──────── Supplied data

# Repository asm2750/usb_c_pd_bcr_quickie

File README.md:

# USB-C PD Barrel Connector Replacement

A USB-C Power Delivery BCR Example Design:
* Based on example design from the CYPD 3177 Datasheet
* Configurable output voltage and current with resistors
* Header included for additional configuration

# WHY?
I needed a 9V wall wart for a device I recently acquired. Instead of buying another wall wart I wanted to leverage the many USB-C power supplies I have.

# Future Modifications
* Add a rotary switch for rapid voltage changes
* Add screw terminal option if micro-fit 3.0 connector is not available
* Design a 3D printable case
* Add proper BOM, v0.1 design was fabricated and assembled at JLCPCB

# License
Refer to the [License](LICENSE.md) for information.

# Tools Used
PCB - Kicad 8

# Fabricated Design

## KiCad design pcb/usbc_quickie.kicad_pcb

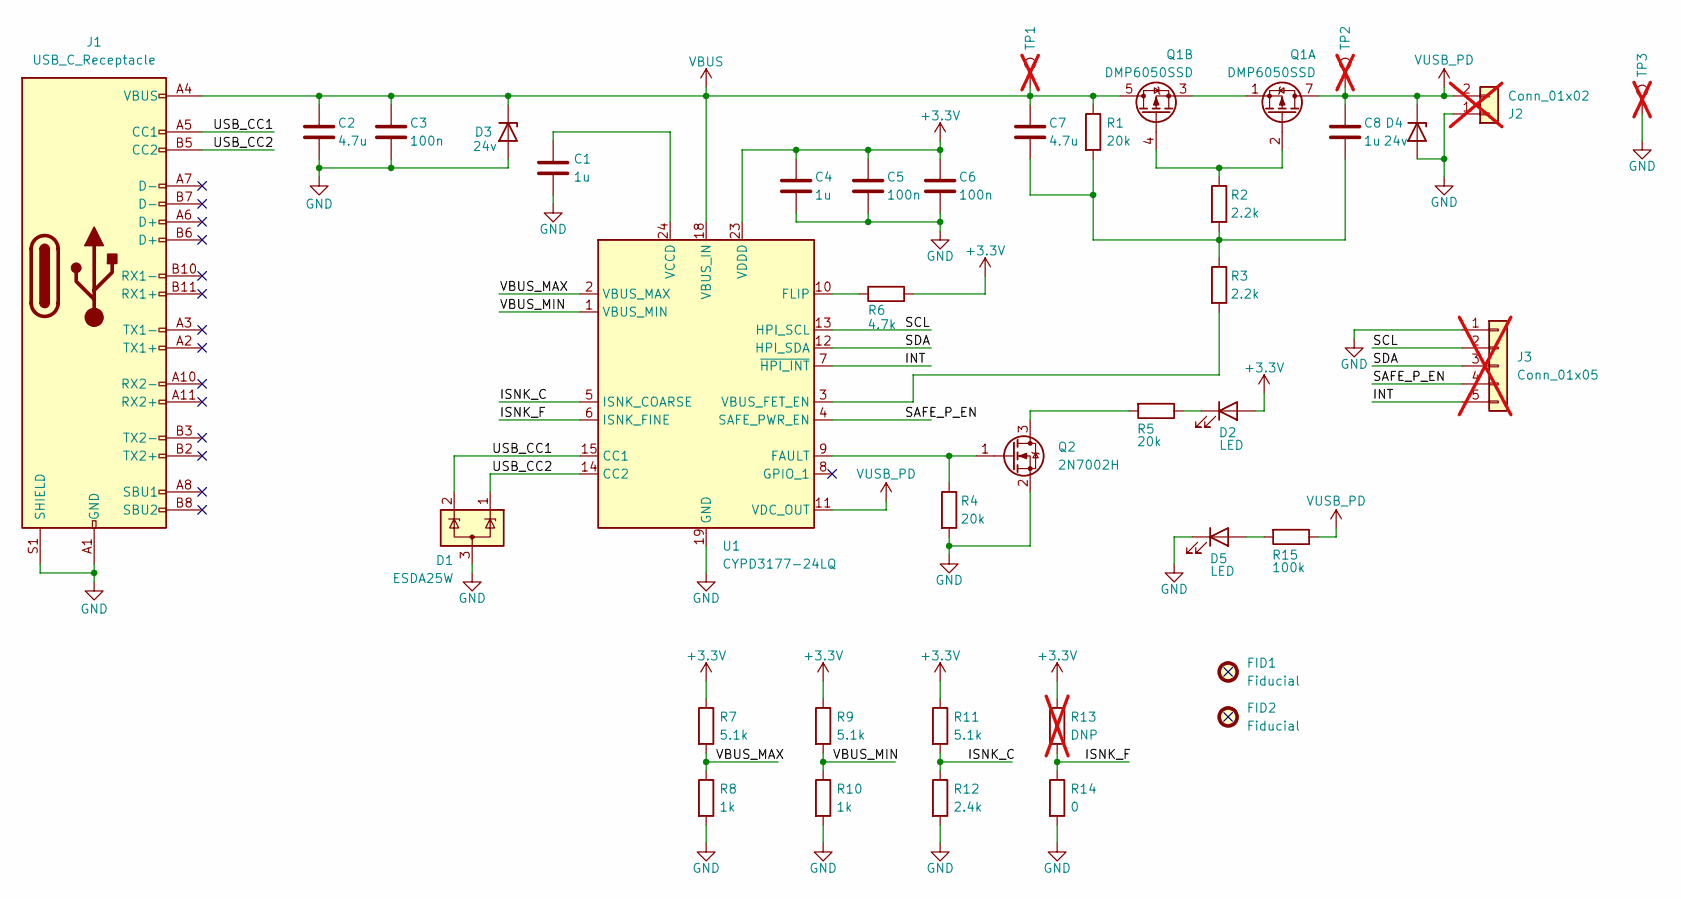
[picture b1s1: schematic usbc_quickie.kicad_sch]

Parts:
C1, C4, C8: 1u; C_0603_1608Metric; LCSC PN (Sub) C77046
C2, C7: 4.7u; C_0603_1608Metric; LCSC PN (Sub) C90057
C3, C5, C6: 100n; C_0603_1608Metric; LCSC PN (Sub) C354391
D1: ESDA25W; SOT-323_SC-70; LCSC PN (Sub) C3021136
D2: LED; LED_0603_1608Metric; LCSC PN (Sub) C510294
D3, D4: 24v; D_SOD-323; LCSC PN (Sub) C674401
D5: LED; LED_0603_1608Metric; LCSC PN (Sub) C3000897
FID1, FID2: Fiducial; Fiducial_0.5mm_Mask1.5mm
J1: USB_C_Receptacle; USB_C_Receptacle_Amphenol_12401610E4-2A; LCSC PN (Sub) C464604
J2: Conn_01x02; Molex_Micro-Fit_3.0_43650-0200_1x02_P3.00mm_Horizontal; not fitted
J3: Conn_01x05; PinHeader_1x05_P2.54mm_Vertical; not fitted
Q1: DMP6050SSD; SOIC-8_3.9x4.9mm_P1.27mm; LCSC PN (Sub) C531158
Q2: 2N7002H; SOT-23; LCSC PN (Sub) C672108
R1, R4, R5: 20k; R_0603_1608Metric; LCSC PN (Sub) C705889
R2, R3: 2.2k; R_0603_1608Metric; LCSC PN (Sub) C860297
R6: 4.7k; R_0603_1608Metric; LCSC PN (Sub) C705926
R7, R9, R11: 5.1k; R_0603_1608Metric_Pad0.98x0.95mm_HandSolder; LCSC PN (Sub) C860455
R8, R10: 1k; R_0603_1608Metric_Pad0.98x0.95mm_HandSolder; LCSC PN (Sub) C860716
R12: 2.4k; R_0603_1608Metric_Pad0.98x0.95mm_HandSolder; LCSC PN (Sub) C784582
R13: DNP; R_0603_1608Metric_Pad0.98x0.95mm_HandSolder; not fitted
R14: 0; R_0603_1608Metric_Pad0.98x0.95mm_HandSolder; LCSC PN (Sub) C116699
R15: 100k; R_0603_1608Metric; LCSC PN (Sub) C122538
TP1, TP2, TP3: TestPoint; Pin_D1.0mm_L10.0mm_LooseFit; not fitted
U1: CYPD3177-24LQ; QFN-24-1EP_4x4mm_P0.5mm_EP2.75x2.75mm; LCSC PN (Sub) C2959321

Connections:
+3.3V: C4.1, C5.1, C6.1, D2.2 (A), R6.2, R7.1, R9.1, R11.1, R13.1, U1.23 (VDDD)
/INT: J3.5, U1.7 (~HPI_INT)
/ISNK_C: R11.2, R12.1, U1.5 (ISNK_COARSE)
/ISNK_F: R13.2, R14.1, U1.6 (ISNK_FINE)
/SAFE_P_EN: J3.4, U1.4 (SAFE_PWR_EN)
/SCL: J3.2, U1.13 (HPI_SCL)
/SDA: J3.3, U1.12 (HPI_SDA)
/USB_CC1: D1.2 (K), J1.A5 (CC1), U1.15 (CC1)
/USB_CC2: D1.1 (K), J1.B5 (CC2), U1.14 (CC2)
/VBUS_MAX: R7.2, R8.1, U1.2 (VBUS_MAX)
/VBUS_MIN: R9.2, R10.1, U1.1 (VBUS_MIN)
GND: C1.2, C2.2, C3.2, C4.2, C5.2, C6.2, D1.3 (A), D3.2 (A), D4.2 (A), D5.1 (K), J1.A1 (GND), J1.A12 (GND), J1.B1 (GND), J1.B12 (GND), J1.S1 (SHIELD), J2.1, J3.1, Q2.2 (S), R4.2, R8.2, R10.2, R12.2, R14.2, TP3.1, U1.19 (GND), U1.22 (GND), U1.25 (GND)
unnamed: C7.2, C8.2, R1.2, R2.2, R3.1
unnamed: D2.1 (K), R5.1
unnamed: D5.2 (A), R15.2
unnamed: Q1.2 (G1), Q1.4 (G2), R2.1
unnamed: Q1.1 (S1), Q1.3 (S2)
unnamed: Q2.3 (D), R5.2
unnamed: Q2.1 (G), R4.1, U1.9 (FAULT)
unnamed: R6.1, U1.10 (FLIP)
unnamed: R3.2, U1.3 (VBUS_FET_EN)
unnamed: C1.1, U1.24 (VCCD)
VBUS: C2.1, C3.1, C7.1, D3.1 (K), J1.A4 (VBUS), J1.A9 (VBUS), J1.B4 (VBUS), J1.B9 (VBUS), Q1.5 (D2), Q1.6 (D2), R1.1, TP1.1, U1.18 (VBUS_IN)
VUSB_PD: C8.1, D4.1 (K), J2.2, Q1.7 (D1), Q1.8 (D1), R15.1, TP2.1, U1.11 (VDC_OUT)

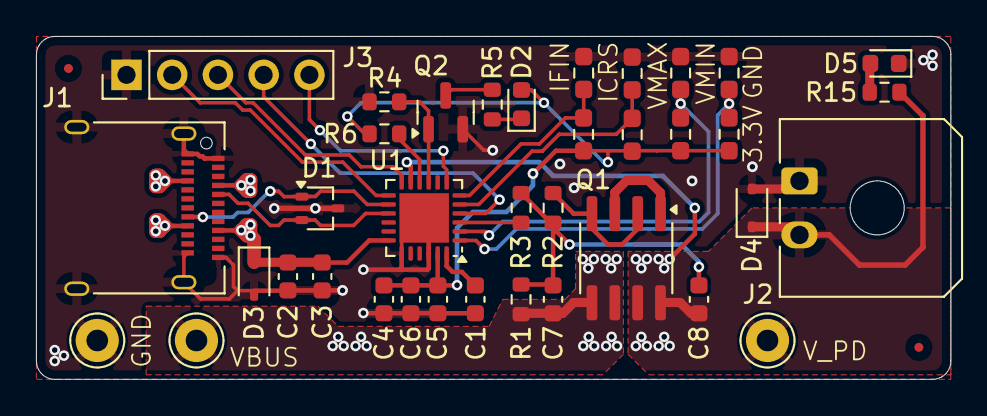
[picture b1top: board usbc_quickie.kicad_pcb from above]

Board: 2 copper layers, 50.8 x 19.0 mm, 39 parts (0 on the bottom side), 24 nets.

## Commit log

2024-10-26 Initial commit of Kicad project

────────────────

_What this task involves:_ Find the lines above that hold "fitted", then copy each of them.

_Solution to this exercise:_
J2: Conn_01x02; Molex_Micro-Fit_3.0_43650-0200_1x02_P3.00mm_Horizontal; not fitted
J3: Conn_01x05; PinHeader_1x05_P2.54mm_Vertical; not fitted
R13: DNP; R_0603_1608Metric_Pad0.98x0.95mm_HandSolder; not fitted
TP1, TP2, TP3: TestPoint; Pin_D1.0mm_L10.0mm_LooseFit; not fitted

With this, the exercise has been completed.